Within the material below, locate the line with "#295=LINE('',#294,#293);" and the line with "#345=LINE('',#344,#343);", then return those two lines and all lines between them, exactly as written.
-=-=-
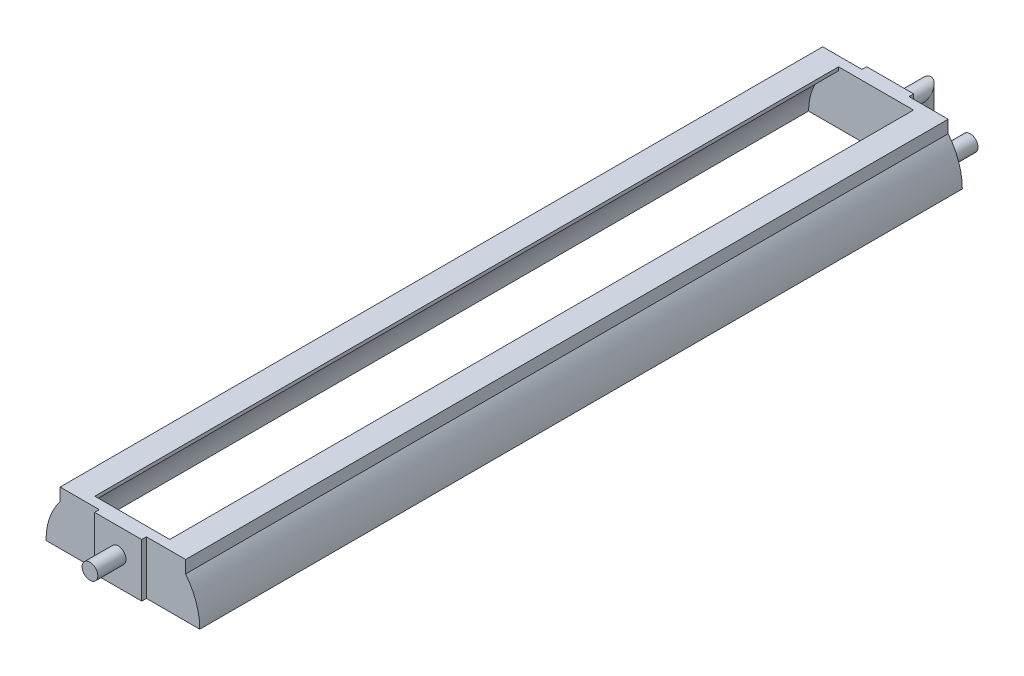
ISO-10303-21;
HEADER;
FILE_DESCRIPTION(('STEP AP214'),'2;1');
FILE_NAME('part.step','',(''),(''),'','','');
FILE_SCHEMA(('AUTOMOTIVE_DESIGN { 1 0 10303 214 1 1 1 1 }'));
ENDSEC;
DATA;
#1=APPLICATION_CONTEXT('core data for automotive mechanical design processes');
#2=APPLICATION_PROTOCOL_DEFINITION('international standard','automotive_design',2000,#1);
#3=PRODUCT_CONTEXT('',#1,'mechanical');
#4=PRODUCT('Part','Part','',(#3));
#5=PRODUCT_RELATED_PRODUCT_CATEGORY('part','',(#4));
#6=PRODUCT_DEFINITION_FORMATION('','',#4);
#7=PRODUCT_DEFINITION_CONTEXT('part definition',#1,'design');
#8=PRODUCT_DEFINITION('design','',#6,#7);
#9=PRODUCT_DEFINITION_SHAPE('','',#8);
#10=(LENGTH_UNIT() NAMED_UNIT(*) SI_UNIT(.MILLI.,.METRE.));
#11=(NAMED_UNIT(*) PLANE_ANGLE_UNIT() SI_UNIT($,.RADIAN.));
#12=(NAMED_UNIT(*) SI_UNIT($,.STERADIAN.) SOLID_ANGLE_UNIT());
#13=UNCERTAINTY_MEASURE_WITH_UNIT(LENGTH_MEASURE(1.E-05),#10,'distance_accuracy_value','');
#14=(GEOMETRIC_REPRESENTATION_CONTEXT(3) GLOBAL_UNCERTAINTY_ASSIGNED_CONTEXT((#13)) GLOBAL_UNIT_ASSIGNED_CONTEXT((#10,
#11,#12)) REPRESENTATION_CONTEXT('',''));
#15=CARTESIAN_POINT('',(0.,0.,0.));
#16=DIRECTION('',(0.,0.,1.));
#17=DIRECTION('',(1.,0.,0.));
#18=AXIS2_PLACEMENT_3D('',#15,#16,#17);
#19=CARTESIAN_POINT('',(0.,-10.5,-136.));
#20=DIRECTION('',(0.,0.,-1.));
#21=DIRECTION('',(-1.,0.,0.));
#22=AXIS2_PLACEMENT_3D('',#19,#20,#21);
#23=PLANE('',#22);
#24=CARTESIAN_POINT('',(0.,-13.,-136.));
#25=DIRECTION('',(0.,0.,1.));
#26=DIRECTION('',(1.,0.,0.));
#27=AXIS2_PLACEMENT_3D('',#24,#25,#26);
#28=CIRCLE('',#27,2.5);
#29=CARTESIAN_POINT('',(2.5,-13.,-136.));
#30=VERTEX_POINT('',#29);
#31=EDGE_CURVE('E12',#30,#30,#28,.T.);
#32=ORIENTED_EDGE('',*,*,#31,.F.);
#33=EDGE_LOOP('',(#32));
#34=FACE_BOUND('',#33,.T.);
#35=CARTESIAN_POINT('',(0.,-13.,-136.));
#36=DIRECTION('',(0.,0.,1.));
#37=DIRECTION('',(1.,0.,0.));
#38=AXIS2_PLACEMENT_3D('',#35,#36,#37);
#39=CIRCLE('',#38,3.);
#40=CARTESIAN_POINT('',(3.,-13.,-136.));
#41=VERTEX_POINT('',#40);
#42=EDGE_CURVE('E59',#41,#41,#39,.T.);
#43=ORIENTED_EDGE('',*,*,#42,.T.);
#44=EDGE_LOOP('',(#43));
#45=FACE_BOUND('',#44,.T.);
#46=ADVANCED_FACE('F45',(#34,#45),#23,.F.);
#47=CARTESIAN_POINT('',(0.,-13.,-131.));
#48=DIRECTION('',(0.,0.,1.));
#49=DIRECTION('',(1.,0.,0.));
#50=AXIS2_PLACEMENT_3D('',#47,#48,#49);
#51=CYLINDRICAL_SURFACE('',#50,2.5);
#52=CARTESIAN_POINT('',(0.,-13.,-138.));
#53=DIRECTION('',(0.,0.,1.));
#54=DIRECTION('',(1.,0.,0.));
#55=AXIS2_PLACEMENT_3D('',#52,#53,#54);
#56=CIRCLE('',#55,2.5);
#57=CARTESIAN_POINT('',(2.5,-13.,-138.));
#58=VERTEX_POINT('',#57);
#59=EDGE_CURVE('E51',#58,#58,#56,.T.);
#60=ORIENTED_EDGE('',*,*,#59,.F.);
#61=EDGE_LOOP('',(#60));
#62=FACE_BOUND('',#61,.T.);
#63=ORIENTED_EDGE('',*,*,#31,.T.);
#64=EDGE_LOOP('',(#63));
#65=FACE_BOUND('',#64,.T.);
#66=ADVANCED_FACE('F74',(#62,#65),#51,.F.);
#67=CARTESIAN_POINT('',(0.,-10.5,-138.));
#68=DIRECTION('',(0.,0.,1.));
#69=DIRECTION('',(1.,0.,0.));
#70=AXIS2_PLACEMENT_3D('',#67,#68,#69);
#71=PLANE('',#70);
#72=CARTESIAN_POINT('',(0.,-13.,-138.));
#73=DIRECTION('',(0.,0.,1.));
#74=DIRECTION('',(1.,0.,0.));
#75=AXIS2_PLACEMENT_3D('',#72,#73,#74);
#76=CIRCLE('',#75,3.);
#77=CARTESIAN_POINT('',(3.,-13.,-138.));
#78=VERTEX_POINT('',#77);
#79=EDGE_CURVE('E55',#78,#78,#76,.T.);
#80=ORIENTED_EDGE('',*,*,#79,.F.);
#81=EDGE_LOOP('',(#80));
#82=FACE_BOUND('',#81,.T.);
#83=ORIENTED_EDGE('',*,*,#59,.T.);
#84=EDGE_LOOP('',(#83));
#85=FACE_BOUND('',#84,.T.);
#86=ADVANCED_FACE('F69',(#82,#85),#71,.F.);
#87=CARTESIAN_POINT('',(0.,-13.,-137.));
#88=DIRECTION('',(0.,0.,1.));
#89=DIRECTION('',(1.,0.,0.));
#90=AXIS2_PLACEMENT_3D('',#87,#88,#89);
#91=TOROIDAL_SURFACE('',#90,3.,1.);
#92=ORIENTED_EDGE('',*,*,#42,.F.);
#93=EDGE_LOOP('',(#92));
#94=FACE_BOUND('',#93,.T.);
#95=ORIENTED_EDGE('',*,*,#79,.T.);
#96=EDGE_LOOP('',(#95));
#97=FACE_BOUND('',#96,.T.);
#98=ADVANCED_FACE('F66',(#94,#97),#91,.T.);
#99=CLOSED_SHELL('',(#46,#66,#86,#98));
#100=MANIFOLD_SOLID_BREP('B2',#99);
#101=CARTESIAN_POINT('',(0.,0.,-123.));
#102=DIRECTION('',(0.,0.,1.));
#103=DIRECTION('',(1.,0.,0.));
#104=AXIS2_PLACEMENT_3D('',#101,#102,#103);
#105=PLANE('',#104);
#106=DIRECTION('',(0.,-1.,0.));
#107=VECTOR('',#106,1.);
#108=CARTESIAN_POINT('',(7.49999999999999,0.,-123.));
#109=LINE('',#108,#107);
#110=CARTESIAN_POINT('',(7.49999999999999,17.,-123.));
#111=VERTEX_POINT('',#110);
#112=CARTESIAN_POINT('',(7.49999999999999,0.,-123.));
#113=VERTEX_POINT('',#112);
#114=EDGE_CURVE('E473',#111,#113,#109,.T.);
#115=ORIENTED_EDGE('',*,*,#114,.T.);
#116=DIRECTION('',(-1.,0.,0.));
#117=VECTOR('',#116,1.);
#118=CARTESIAN_POINT('',(7.49999999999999,0.,-123.));
#119=LINE('',#118,#117);
#120=CARTESIAN_POINT('',(-7.49999999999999,0.,-123.));
#121=VERTEX_POINT('',#120);
#122=EDGE_CURVE('E472',#113,#121,#119,.T.);
#123=ORIENTED_EDGE('',*,*,#122,.T.);
#124=DIRECTION('',(0.,1.,0.));
#125=VECTOR('',#124,1.);
#126=CARTESIAN_POINT('',(-7.49999999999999,17.,-123.));
#127=LINE('',#126,#125);
#128=CARTESIAN_POINT('',(-7.49999999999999,17.,-123.));
#129=VERTEX_POINT('',#128);
#130=EDGE_CURVE('E470',#121,#129,#127,.T.);
#131=ORIENTED_EDGE('',*,*,#130,.T.);
#132=DIRECTION('',(1.,0.,0.));
#133=VECTOR('',#132,1.);
#134=CARTESIAN_POINT('',(7.49999999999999,17.,-123.));
#135=LINE('',#134,#133);
#136=EDGE_CURVE('E462',#129,#111,#135,.T.);
#137=ORIENTED_EDGE('',*,*,#136,.T.);
#138=EDGE_LOOP('',(#115,#123,#131,#137));
#139=FACE_BOUND('',#138,.T.);
#140=CARTESIAN_POINT('',(0.,9.,-123.));
#141=DIRECTION('',(0.,0.,1.));
#142=DIRECTION('',(1.,0.,0.));
#143=AXIS2_PLACEMENT_3D('',#140,#141,#142);
#144=CIRCLE('',#143,2.5);
#145=CARTESIAN_POINT('',(2.5,9.,-123.));
#146=VERTEX_POINT('',#145);
#147=EDGE_CURVE('E43',#146,#146,#144,.F.);
#148=ORIENTED_EDGE('',*,*,#147,.F.);
#149=EDGE_LOOP('',(#148));
#150=FACE_BOUND('',#149,.T.);
#151=ADVANCED_FACE('F107',(#139,#150),#105,.F.);
#152=CARTESIAN_POINT('',(0.,0.,123.));
#153=DIRECTION('',(0.,0.,1.));
#154=DIRECTION('',(1.,0.,0.));
#155=AXIS2_PLACEMENT_3D('',#152,#153,#154);
#156=PLANE('',#155);
#157=DIRECTION('',(0.,-1.,0.));
#158=VECTOR('',#157,1.);
#159=CARTESIAN_POINT('',(7.50000000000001,0.,123.));
#160=LINE('',#159,#158);
#161=CARTESIAN_POINT('',(7.50000000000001,17.,123.));
#162=VERTEX_POINT('',#161);
#163=CARTESIAN_POINT('',(7.50000000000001,0.,123.));
#164=VERTEX_POINT('',#163);
#165=EDGE_CURVE('E250',#162,#164,#160,.T.);
#166=ORIENTED_EDGE('',*,*,#165,.F.);
#167=DIRECTION('',(-1.,0.,0.));
#168=VECTOR('',#167,1.);
#169=CARTESIAN_POINT('',(0.,17.,123.));
#170=LINE('',#169,#168);
#171=CARTESIAN_POINT('',(-7.49999999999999,17.,123.));
#172=VERTEX_POINT('',#171);
#173=EDGE_CURVE('E257',#162,#172,#170,.T.);
#174=ORIENTED_EDGE('',*,*,#173,.T.);
#175=DIRECTION('',(0.,-1.,0.));
#176=VECTOR('',#175,1.);
#177=CARTESIAN_POINT('',(-7.49999999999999,0.,123.));
#178=LINE('',#177,#176);
#179=CARTESIAN_POINT('',(-7.49999999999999,0.,123.));
#180=VERTEX_POINT('',#179);
#181=EDGE_CURVE('E264',#172,#180,#178,.T.);
#182=ORIENTED_EDGE('',*,*,#181,.T.);
#183=DIRECTION('',(1.,0.,0.));
#184=VECTOR('',#183,1.);
#185=CARTESIAN_POINT('',(0.,0.,123.));
#186=LINE('',#185,#184);
#187=EDGE_CURVE('E269',#180,#164,#186,.T.);
#188=ORIENTED_EDGE('',*,*,#187,.T.);
#189=EDGE_LOOP('',(#166,#174,#182,#188));
#190=FACE_BOUND('',#189,.T.);
#191=CARTESIAN_POINT('',(0.,8.9999999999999,123.));
#192=DIRECTION('',(0.,0.,1.));
#193=DIRECTION('',(1.,0.,0.));
#194=AXIS2_PLACEMENT_3D('',#191,#192,#193);
#195=CIRCLE('',#194,2.50384678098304);
#196=CARTESIAN_POINT('',(2.50384678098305,8.9999999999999,123.));
#197=VERTEX_POINT('',#196);
#198=EDGE_CURVE('E274',#197,#197,#195,.T.);
#199=ORIENTED_EDGE('',*,*,#198,.F.);
#200=EDGE_LOOP('',(#199));
#201=FACE_BOUND('',#200,.T.);
#202=ADVANCED_FACE('F266',(#190,#201),#156,.T.);
#203=CARTESIAN_POINT('',(3.49999999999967,-1.87350135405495E-13,121.5));
#204=DIRECTION('',(0.,0.,-1.));
#205=DIRECTION('',(-1.,0.,0.));
#206=AXIS2_PLACEMENT_3D('',#203,#204,#205);
#207=PLANE('',#206);
#208=DIRECTION('',(0.,-1.,0.));
#209=VECTOR('',#208,1.);
#210=CARTESIAN_POINT('',(-7.49999999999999,0.,121.5));
#211=LINE('',#210,#209);
#212=CARTESIAN_POINT('',(-7.49999999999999,17.,121.5));
#213=VERTEX_POINT('',#212);
#214=CARTESIAN_POINT('',(-7.49999999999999,0.,121.5));
#215=VERTEX_POINT('',#214);
#216=EDGE_CURVE('E123',#213,#215,#211,.T.);
#217=ORIENTED_EDGE('',*,*,#216,.F.);
#218=DIRECTION('',(-1.,0.,0.));
#219=VECTOR('',#218,1.);
#220=CARTESIAN_POINT('',(-19.9924225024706,17.,121.5));
#221=LINE('',#220,#219);
#222=CARTESIAN_POINT('',(-19.9924225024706,17.,121.5));
#223=VERTEX_POINT('',#222);
#224=EDGE_CURVE('E303',#213,#223,#221,.T.);
#225=ORIENTED_EDGE('',*,*,#224,.T.);
#226=DIRECTION('',(0.,-1.,0.));
#227=VECTOR('',#226,1.);
#228=CARTESIAN_POINT('',(-19.9924225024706,13.,121.5));
#229=LINE('',#228,#227);
#230=CARTESIAN_POINT('',(-19.9924225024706,13.,121.5));
#231=VERTEX_POINT('',#230);
#232=EDGE_CURVE('E353',#223,#231,#229,.T.);
#233=ORIENTED_EDGE('',*,*,#232,.T.);
#234=CARTESIAN_POINT('',(-3.5,0.,121.5));
#235=DIRECTION('',(0.,0.,1.));
#236=DIRECTION('',(1.,0.,0.));
#237=AXIS2_PLACEMENT_3D('',#234,#235,#236);
#238=CIRCLE('',#237,21.);
#239=CARTESIAN_POINT('',(-24.5,-1.46642216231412E-13,121.5));
#240=VERTEX_POINT('',#239);
#241=EDGE_CURVE('E404',#231,#240,#238,.T.);
#242=ORIENTED_EDGE('',*,*,#241,.T.);
#243=DIRECTION('',(1.,0.,0.));
#244=VECTOR('',#243,1.);
#245=CARTESIAN_POINT('',(-24.5,-1.46642216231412E-13,121.5));
#246=LINE('',#245,#244);
#247=EDGE_CURVE('E397',#240,#215,#246,.T.);
#248=ORIENTED_EDGE('',*,*,#247,.T.);
#249=EDGE_LOOP('',(#217,#225,#233,#242,#248));
#250=FACE_BOUND('',#249,.T.);
#251=ADVANCED_FACE('F513',(#250),#207,.F.);
#252=CARTESIAN_POINT('',(3.4999999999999,0.,-121.5));
#253=DIRECTION('',(0.,0.,1.));
#254=DIRECTION('',(1.,0.,0.));
#255=AXIS2_PLACEMENT_3D('',#252,#253,#254);
#256=PLANE('',#255);
#257=DIRECTION('',(0.,-1.,0.));
#258=VECTOR('',#257,1.);
#259=CARTESIAN_POINT('',(7.49999999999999,0.,-121.5));
#260=LINE('',#259,#258);
#261=CARTESIAN_POINT('',(7.49999999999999,17.,-121.5));
#262=VERTEX_POINT('',#261);
#263=CARTESIAN_POINT('',(7.49999999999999,0.,-121.5));
#264=VERTEX_POINT('',#263);
#265=EDGE_CURVE('E253',#262,#264,#260,.T.);
#266=ORIENTED_EDGE('',*,*,#265,.F.);
#267=DIRECTION('',(1.,0.,0.));
#268=VECTOR('',#267,1.);
#269=CARTESIAN_POINT('',(-19.9924225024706,17.,-121.5));
#270=LINE('',#269,#268);
#271=CARTESIAN_POINT('',(19.9924225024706,17.,-121.5));
#272=VERTEX_POINT('',#271);
#273=EDGE_CURVE('E358',#262,#272,#270,.T.);
#274=ORIENTED_EDGE('',*,*,#273,.T.);
#275=DIRECTION('',(0.,-1.,0.));
#276=VECTOR('',#275,1.);
#277=CARTESIAN_POINT('',(19.9924225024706,17.,-121.5));
#278=LINE('',#277,#276);
#279=CARTESIAN_POINT('',(19.9924225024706,13.,-121.5));
#280=VERTEX_POINT('',#279);
#281=EDGE_CURVE('E357',#272,#280,#278,.T.);
#282=ORIENTED_EDGE('',*,*,#281,.T.);
#283=CARTESIAN_POINT('',(3.4999999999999,0.,-121.5));
#284=DIRECTION('',(0.,0.,-1.));
#285=DIRECTION('',(1.,0.,0.));
#286=AXIS2_PLACEMENT_3D('',#283,#284,#285);
#287=CIRCLE('',#286,21.0000000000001);
#288=CARTESIAN_POINT('',(24.5,0.,-121.5));
#289=VERTEX_POINT('',#288);
#290=EDGE_CURVE('E368',#280,#289,#287,.T.);
#291=ORIENTED_EDGE('',*,*,#290,.T.);
#292=DIRECTION('',(-1.,0.,0.));
#293=VECTOR('',#292,1.);
#294=CARTESIAN_POINT('',(-24.5,0.,-121.5));
#295=LINE('',#294,#293);
#296=EDGE_CURVE('E379',#289,#264,#295,.T.);
#297=ORIENTED_EDGE('',*,*,#296,.T.);
#298=EDGE_LOOP('',(#266,#274,#282,#291,#297));
#299=FACE_BOUND('',#298,.T.);
#300=ADVANCED_FACE('F493',(#299),#256,.F.);
#301=DIRECTION('',(0.,1.,0.));
#302=VECTOR('',#301,1.);
#303=CARTESIAN_POINT('',(-7.49999999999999,17.,-121.5));
#304=LINE('',#303,#302);
#305=CARTESIAN_POINT('',(-7.49999999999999,0.,-121.5));
#306=VERTEX_POINT('',#305);
#307=CARTESIAN_POINT('',(-7.49999999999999,17.,-121.5));
#308=VERTEX_POINT('',#307);
#309=EDGE_CURVE('E393',#306,#308,#304,.T.);
#310=ORIENTED_EDGE('',*,*,#309,.F.);
#311=CARTESIAN_POINT('',(-24.5,0.,-121.5));
#312=VERTEX_POINT('',#311);
#313=EDGE_CURVE('E371',#306,#312,#295,.T.);
#314=ORIENTED_EDGE('',*,*,#313,.T.);
#315=CARTESIAN_POINT('',(-3.50000000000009,0.,-121.5));
#316=DIRECTION('',(0.,0.,-1.));
#317=DIRECTION('',(-1.,0.,0.));
#318=AXIS2_PLACEMENT_3D('',#315,#316,#317);
#319=CIRCLE('',#318,20.9999999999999);
#320=CARTESIAN_POINT('',(-19.9924225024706,13.,-121.5));
#321=VERTEX_POINT('',#320);
#322=EDGE_CURVE('E374',#312,#321,#319,.T.);
#323=ORIENTED_EDGE('',*,*,#322,.T.);
#324=DIRECTION('',(0.,1.,0.));
#325=VECTOR('',#324,1.);
#326=CARTESIAN_POINT('',(-19.9924225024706,13.,-121.5));
#327=LINE('',#326,#325);
#328=CARTESIAN_POINT('',(-19.9924225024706,17.,-121.5));
#329=VERTEX_POINT('',#328);
#330=EDGE_CURVE('E384',#321,#329,#327,.T.);
#331=ORIENTED_EDGE('',*,*,#330,.T.);
#332=EDGE_CURVE('E354',#329,#308,#270,.T.);
#333=ORIENTED_EDGE('',*,*,#332,.T.);
#334=EDGE_LOOP('',(#310,#314,#323,#331,#333));
#335=FACE_BOUND('',#334,.T.);
#336=ADVANCED_FACE('F388',(#335),#256,.F.);
#337=CARTESIAN_POINT('',(-3.5,0.,-118.5));
#338=DIRECTION('',(0.,0.,1.));
#339=DIRECTION('',(1.,0.,0.));
#340=AXIS2_PLACEMENT_3D('',#337,#338,#339);
#341=CYLINDRICAL_SURFACE('',#340,18.);
#342=DIRECTION('',(0.,0.,1.));
#343=VECTOR('',#342,1.);
#344=CARTESIAN_POINT('',(-11.9440829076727,15.8964607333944,-118.5));
#345=LINE('',#344,#343);
#346=CARTESIAN_POINT('',(-11.9440829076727,15.8964607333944,-118.5));
#347=VERTEX_POINT('',#346);
#348=CARTESIAN_POINT('',(-11.9440829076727,15.8964607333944,118.5));
#349=VERTEX_POINT('',#348);
#350=EDGE_CURVE('E336',#347,#349,#345,.T.);
#351=ORIENTED_EDGE('',*,*,#350,.T.);
#352=CARTESIAN_POINT('',(-3.5,0.,118.5));
#353=DIRECTION('',(0.,0.,-1.));
#354=DIRECTION('',(-1.,0.,0.));
#355=AXIS2_PLACEMENT_3D('',#352,#353,#354);
#356=CIRCLE('',#355,18.);
#357=CARTESIAN_POINT('',(-21.5,0.,118.5));
#358=VERTEX_POINT('',#357);
#359=EDGE_CURVE('E335',#358,#349,#356,.T.);
#360=ORIENTED_EDGE('',*,*,#359,.F.);
#361=DIRECTION('',(0.,0.,1.));
#362=VECTOR('',#361,1.);
#363=CARTESIAN_POINT('',(-21.5,0.,-118.5));
#364=LINE('',#363,#362);
#365=CARTESIAN_POINT('',(-21.5,0.,-118.5));
#366=VERTEX_POINT('',#365);
#367=EDGE_CURVE('E116',#366,#358,#364,.T.);
#368=ORIENTED_EDGE('',*,*,#367,.F.);
#369=CARTESIAN_POINT('',(-3.5,0.,-118.5));
#370=DIRECTION('',(0.,0.,-1.));
#371=DIRECTION('',(-1.,0.,0.));
#372=AXIS2_PLACEMENT_3D('',#369,#370,#371);
#373=CIRCLE('',#372,18.);
#374=EDGE_CURVE('E328',#366,#347,#373,.T.);
#375=ORIENTED_EDGE('',*,*,#374,.T.);
#376=EDGE_LOOP('',(#351,#360,#368,#375));
#377=FACE_BOUND('',#376,.T.);
#378=ADVANCED_FACE('F109',(#377),#341,.F.);
#379=CARTESIAN_POINT('',(-21.5,0.,-118.5));
#380=DIRECTION('',(0.,-1.,0.));
#381=DIRECTION('',(0.,0.,-1.));
#382=AXIS2_PLACEMENT_3D('',#379,#380,#381);
#383=PLANE('',#382);
#384=DIRECTION('',(-1.,0.,0.));
#385=VECTOR('',#384,1.);
#386=CARTESIAN_POINT('',(-24.5,0.,-118.5));
#387=LINE('',#386,#385);
#388=CARTESIAN_POINT('',(21.5,0.,-118.5));
#389=VERTEX_POINT('',#388);
#390=EDGE_CURVE('E422',#389,#366,#387,.T.);
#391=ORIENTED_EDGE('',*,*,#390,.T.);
-=-=-
> [SOLUTION TO THE EXERCISE]:
#295=LINE('',#294,#293);
#296=EDGE_CURVE('E379',#289,#264,#295,.T.);
#297=ORIENTED_EDGE('',*,*,#296,.T.);
#298=EDGE_LOOP('',(#266,#274,#282,#291,#297));
#299=FACE_BOUND('',#298,.T.);
#300=ADVANCED_FACE('F493',(#299),#256,.F.);
#301=DIRECTION('',(0.,1.,0.));
#302=VECTOR('',#301,1.);
#303=CARTESIAN_POINT('',(-7.49999999999999,17.,-121.5));
#304=LINE('',#303,#302);
#305=CARTESIAN_POINT('',(-7.49999999999999,0.,-121.5));
#306=VERTEX_POINT('',#305);
#307=CARTESIAN_POINT('',(-7.49999999999999,17.,-121.5));
#308=VERTEX_POINT('',#307);
#309=EDGE_CURVE('E393',#306,#308,#304,.T.);
#310=ORIENTED_EDGE('',*,*,#309,.F.);
#311=CARTESIAN_POINT('',(-24.5,0.,-121.5));
#312=VERTEX_POINT('',#311);
#313=EDGE_CURVE('E371',#306,#312,#295,.T.);
#314=ORIENTED_EDGE('',*,*,#313,.T.);
#315=CARTESIAN_POINT('',(-3.50000000000009,0.,-121.5));
#316=DIRECTION('',(0.,0.,-1.));
#317=DIRECTION('',(-1.,0.,0.));
#318=AXIS2_PLACEMENT_3D('',#315,#316,#317);
#319=CIRCLE('',#318,20.9999999999999);
#320=CARTESIAN_POINT('',(-19.9924225024706,13.,-121.5));
#321=VERTEX_POINT('',#320);
#322=EDGE_CURVE('E374',#312,#321,#319,.T.);
#323=ORIENTED_EDGE('',*,*,#322,.T.);
#324=DIRECTION('',(0.,1.,0.));
#325=VECTOR('',#324,1.);
#326=CARTESIAN_POINT('',(-19.9924225024706,13.,-121.5));
#327=LINE('',#326,#325);
#328=CARTESIAN_POINT('',(-19.9924225024706,17.,-121.5));
#329=VERTEX_POINT('',#328);
#330=EDGE_CURVE('E384',#321,#329,#327,.T.);
#331=ORIENTED_EDGE('',*,*,#330,.T.);
#332=EDGE_CURVE('E354',#329,#308,#270,.T.);
#333=ORIENTED_EDGE('',*,*,#332,.T.);
#334=EDGE_LOOP('',(#310,#314,#323,#331,#333));
#335=FACE_BOUND('',#334,.T.);
#336=ADVANCED_FACE('F388',(#335),#256,.F.);
#337=CARTESIAN_POINT('',(-3.5,0.,-118.5));
#338=DIRECTION('',(0.,0.,1.));
#339=DIRECTION('',(1.,0.,0.));
#340=AXIS2_PLACEMENT_3D('',#337,#338,#339);
#341=CYLINDRICAL_SURFACE('',#340,18.);
#342=DIRECTION('',(0.,0.,1.));
#343=VECTOR('',#342,1.);
#344=CARTESIAN_POINT('',(-11.9440829076727,15.8964607333944,-118.5));
#345=LINE('',#344,#343);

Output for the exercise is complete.